• Directions:
The pictures are to be omitted when the entries are reproduced exactly.

Data for this exercise section start

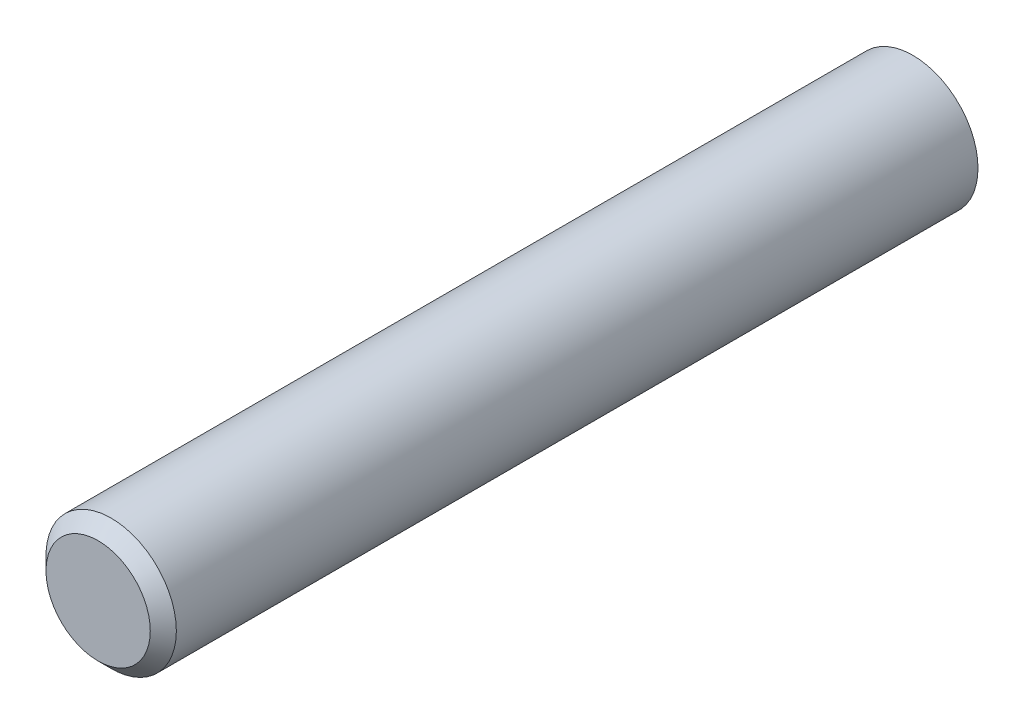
from build123d import *

# Parameters (mm, degrees)
SKETCH1_R           = 4
BOSS_EXTRUDE1_DEPTH = 25
CHAMFER1_SIZE       = 0.8


with BuildPart() as part:
    # Sketch1 → Boss-Extrude1 (new, symmetric)
    with BuildSketch(Plane.XY):
        Circle(SKETCH1_R)
    extrude(amount=BOSS_EXTRUDE1_DEPTH, both=True)

    # Chamfer1
    chamfer1_edges = [part.edges().sort_by_distance(p)[0] for p in [
        (-4, 0, 25),
    ]]
    chamfer(chamfer1_edges, length=CHAMFER1_SIZE)


solid = part.part

Data for this exercise section end

• Solved problem:
from build123d import *

# Parameters (mm, degrees)
SKETCH1_R           = 4
BOSS_EXTRUDE1_DEPTH = 25
CHAMFER1_SIZE       = 0.8


with BuildPart() as part:
    # Sketch1 → Boss-Extrude1 (new, symmetric)
    with BuildSketch(Plane.XY):
        Circle(SKETCH1_R)
    extrude(amount=BOSS_EXTRUDE1_DEPTH, both=True)

    # Chamfer1
    chamfer1_edges = [part.edges().sort_by_distance(p)[0] for p in [
        (-4, 0, 25),
    ]]
    chamfer(chamfer1_edges, length=CHAMFER1_SIZE)


solid = part.part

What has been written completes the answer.